To our amazement, a laptop computer lay on Griswold’s desk. Presumably, this was the one Timmy and Kawee had retrieved from the downstairs storage area. So, the kidnappers seemed to want Griswold himself and not necessarily the kind of information he stored in his computer. What did this mean?

Or, did the boneheads simply forget to bring the device along?

Pugh and I messed around with the MacBook Pro but couldn’t come up with a password that would get the thing up and running. We tried all the obvious stuff: Mango, and the earlier Thai boyfriends; plus Buddha; Dharma; Sangha; Griswold’s birth date; Toot Toot, Lou Horn’s art gallery; Algonquin; and a lot of other details from Griswold’s daily existence. We even tried bicycle and cruising speed and past lives. Nothing worked.

Pugh said, “I know a guy who can get into this. I’ll call him.”

“How soon can he do it?”

“Soon.”

Pugh had the computer whiz on his speed dial and spoke to him in rapid Thai.

114 Richard Stevenson

“How come the cops didn’t take the computer with them?”

I said. “This place isn’t even being treated as a crime scene.”

“Like I said, it’s a low-priority matter. A lady-boy and a tourist.”

“Timmy warned me about this aspect of Thailand.”

Pugh said nothing, just indicated that I should take a seat while he took care of something. I remained standing, though, while he went over to Griswold’s shrine. A box of matches lay nearby on a table, and Pugh used one to light several candles and a couple of joss sticks in front of the shrine. He had one of the photos of Timmy that we had e-mailed to the police, and Pugh leaned this picture against the shrine next to the candles and the incense. He sat himself down on the straw mat in front of the shrine, his legs crossed and back straight. He bowed his head. The serene Buddha figure looked out at Pugh, its left palm raised in the “do not be afraid” mudra.

I stood awkwardly for a few minutes, then walked over and slid open the door to the terrace. The night heat slammed into me, dulling my senses. I held on to the railing and looked down at the parking lot and gardens far below.
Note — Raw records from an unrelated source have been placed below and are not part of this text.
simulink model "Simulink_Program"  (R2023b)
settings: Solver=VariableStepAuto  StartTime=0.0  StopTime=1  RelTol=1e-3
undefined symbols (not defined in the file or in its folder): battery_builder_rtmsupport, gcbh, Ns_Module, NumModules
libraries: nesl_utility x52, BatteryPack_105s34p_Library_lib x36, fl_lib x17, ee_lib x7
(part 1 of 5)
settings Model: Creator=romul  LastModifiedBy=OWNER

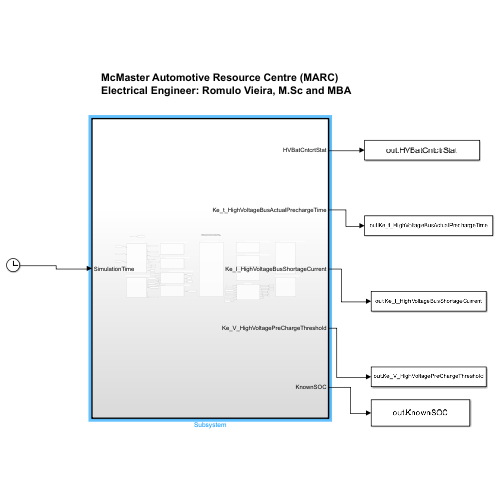
[thumbnail: Simulink's stored preview of the top-level diagram]
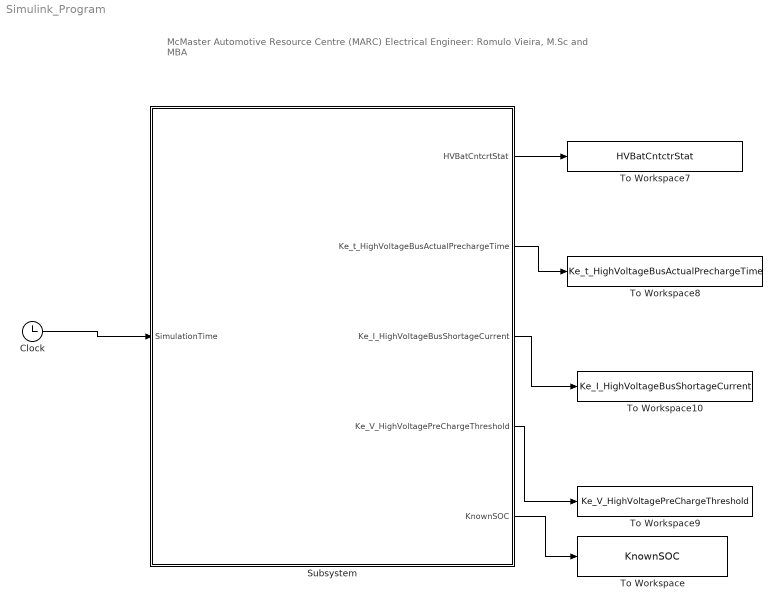
== system Simulink_Program ==
  note: McMaster Automotive Resource Centre (MARC)
      | Electrical Engineer: Romulo Vieira, M.Sc and MBA
  Clock : Clock
  Subsystem : Subsystem  TreatAsAtomicUnit=on
  To Workspace : ToWorkspace  VariableName=KnownSOC  SaveFormat=Timeseries  SampleTime=-1
  To Workspace10 : ToWorkspace  VariableName=Ke_I_HighVoltageBusShortageCurrent  SampleTime=-1
  To Workspace7 : ToWorkspace  VariableName=HVBatCntctrStat  SampleTime=-1
  To Workspace8 : ToWorkspace  VariableName=Ke_t_HighVoltageBusActualPrechargeTime  SampleTime=-1
  To Workspace9 : ToWorkspace  VariableName=Ke_V_HighVoltagePreChargeThreshold  SampleTime=-1
  wires:
  Subsystem/1(HVBatCntcrtStat) -> To Workspace7/1
  Subsystem/2(Ke_t_HighVoltageBusActualPrechargeTime) -> To Workspace8/1
  Subsystem/3(Ke_I_HighVoltageBusShortageCurrent) -> To Workspace10/1
  Clock/1 -> Subsystem/1(SimulationTime)
  Subsystem/4(Ke_V_HighVoltagePreChargeThreshold) -> To Workspace9/1
  Subsystem/5(KnownSOC) -> To Workspace/1

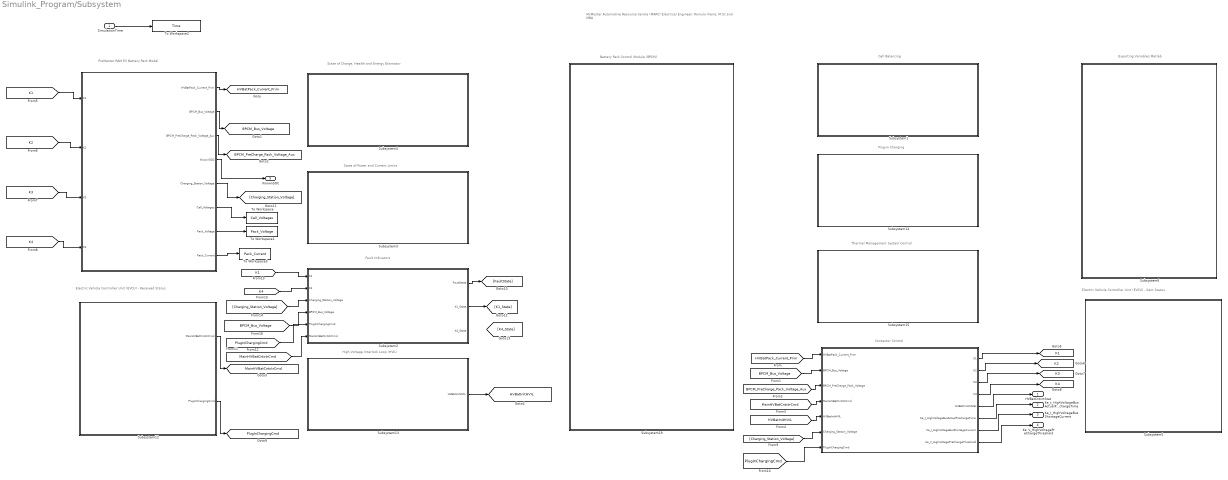
== system Simulink_Program/Subsystem ==
  note: McMaster Automotive Resource Centre (MARC)
      | Electrical Engineer: Romulo Vieira, M.Sc and MBA
  note: ProMaster RAM EV Battery Pack Model
  note: Contactor Control
  note: Battery Pack Control Module (BPCM)
  note: Thermal Management System Control
  note: Plug-In Charging
  note: Cell Balancing
  note: High Voltage Interlock Loop (HVIL)
  note: Fault Indicators
  note: State of Power and Current Limits
  note: State of Charge, Health and Energy Estimator
  note: Electric Vehicle Controller Unit (EVCU) - Received Status
  note: Electric Vehicle Controller Unit (EVCU) - Sent Status
  note: Exporting Variables Matlab
  SimulationTime : Inport
  " " : Subsystem  TreatAsAtomicUnit=on
  "  " : Subsystem  TreatAsAtomicUnit=on  SystemSampleTime=0.001
  Subsystem1 : Subsystem
  Subsystem12 : Subsystem
  Subsystem13 : Subsystem
  Subsystem14 : Subsystem
  Subsystem15 : Subsystem
  Subsystem19 : Subsystem
  Subsystem2 : Subsystem
  Subsystem3 : Subsystem
  Subsystem4 : Subsystem
  Subsystem5 : Subsystem
  Subsystem6 : Subsystem
  To Workspace : ToWorkspace  VariableName=Cell_Voltages  SaveFormat=Timeseries  SampleTime=-1
  To Workspace1 : ToWorkspace  VariableName=Pack_Voltage  SaveFormat=Timeseries  SampleTime=-1
  To Workspace2 : ToWorkspace  VariableName=Time  SampleTime=0.001
  To Workspace3 : ToWorkspace  VariableName=Pack_Current  SaveFormat=Timeseries  SampleTime=-1
  HVBatCntcrtStat : Outport
  Ke_t_HighVoltageBusActualPrechargeTime : Outport  Port=2
  Ke_I_HighVoltageBusShortageCurrent : Outport  Port=3
  Ke_V_HighVoltagePreChargeThreshold : Outport  Port=4
  KnownSOC : Outport  Port=5
  tag scope: BPCM_Bus_Voltage=global, BPCM_PreCharge_Pack_Voltage_Aux=global, HVBatInitHVIL=global, HVBatPack_Current_Prim=global, K1=global, K2=global, K3=global, K4=global, MainHVBatCntctrCmd=global, PlugInChargingCmd=global
  wires:
  "  "/5(HVBatCntctrStat) -> HVBatCntcrtStat/1
  "  "/6(Ke_t_HighVoltageBusActualPrechargeTime) -> Ke_t_HighVoltageBusActualPrechargeTime/1
  "  "/7(Ke_I_HighVoltageBusShortageCurrent) -> Ke_I_HighVoltageBusShortageCurrent/1
  "  "/8(Ke_V_HighVoltagePreChargeThreshold) -> Ke_V_HighVoltagePreChargeThreshold/1
  SimulationTime/1 -> To Workspace2/1
  " "/1(HVBatPack_Current_Prim) -> [HVBatPack_Current_Prim]
  " "/2(BPCM_Bus_Voltage) -> [BPCM_Bus_Voltage]
  " "/3(BPCM_PreCharge_Pack_Voltage_Aux) -> [BPCM_PreCharge_Pack_Voltage_Aux]
  [HVBatPack_Current_Prim] -> "  "/1(HVBatPack_Current_Prim)
  [BPCM_Bus_Voltage] -> "  "/2(BPCM_Bus_Voltage)
  [BPCM_PreCharge_Pack_Voltage_Aux] -> "  "/3(BPCM_PreCharge_Pack_Voltage)
  Subsystem12/1(" MainHVBatCntctrCmd      ") -> [MainHVBatCntctrCmd]
  [MainHVBatCntctrCmd] -> "  "/4(MainHVBatCntctrCmd)
  Subsystem13/1("HVBatInitHVIL   ") -> [HVBatInitHVIL]
  [HVBatInitHVIL] -> "  "/5(HVBatInitHVIL)
  "  "/3(K3) -> [K3]
  "  "/4(K4) -> [K4]
  "  "/1(K1) -> [K1]
  "  "/2(K2) -> [K2]
  [K1] -> " "/1(K1)
  [K2] -> " "/2(K2)
  [K3] -> " "/3(K3)
  [K4] -> " "/4(K4)
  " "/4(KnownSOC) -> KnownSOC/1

When I turned away from this abyss, I noticed that a few leaves had fallen off the orchid and azalea plants on the terrace, and I picked up the leaves and dropped them into the crocks holding the flowers.

The watering can nearby was about half full, and I watered the flowers and the bamboo plants.

When I reentered the apartment, Pugh was still seated silently in front of the Buddha, the candles flickering and the incense smoking up the room. I went over and sat down next to Pugh, also in the lotus position. I felt a twinge of something in my back, so my position turned into something a little more nasturtium-like. I sat there with Pugh for some minutes trying to lose my fear, as Pugh apparently had done in the presence of the Buddha. I envied Pugh and loved the way his connection to a world far beyond the mundane gave him courage and clarity of mind. Sitting there with him, I myself was much calmer now than I had been earlier. But I was still scared to death.

We waited for word of the police sweep of fourteenth floors all over Bangkok in Pugh’s office on Surawong. At midnight, the Sunday night traffic down below was still bumper-tobumper, though not so noisy as it might have been. I remembered how in the ’70s Bangkok streets were always impossibly clogged and endlessly frustrating and how the Thais nonetheless rarely honked their horns. To blare one’s horn merely out of impatience was to demonstrate jai rawn, a hot temper — literally hot heart — and what every Thai aspired to and valued above all was jai yen, a self-possessed inner being and a cool demeanor.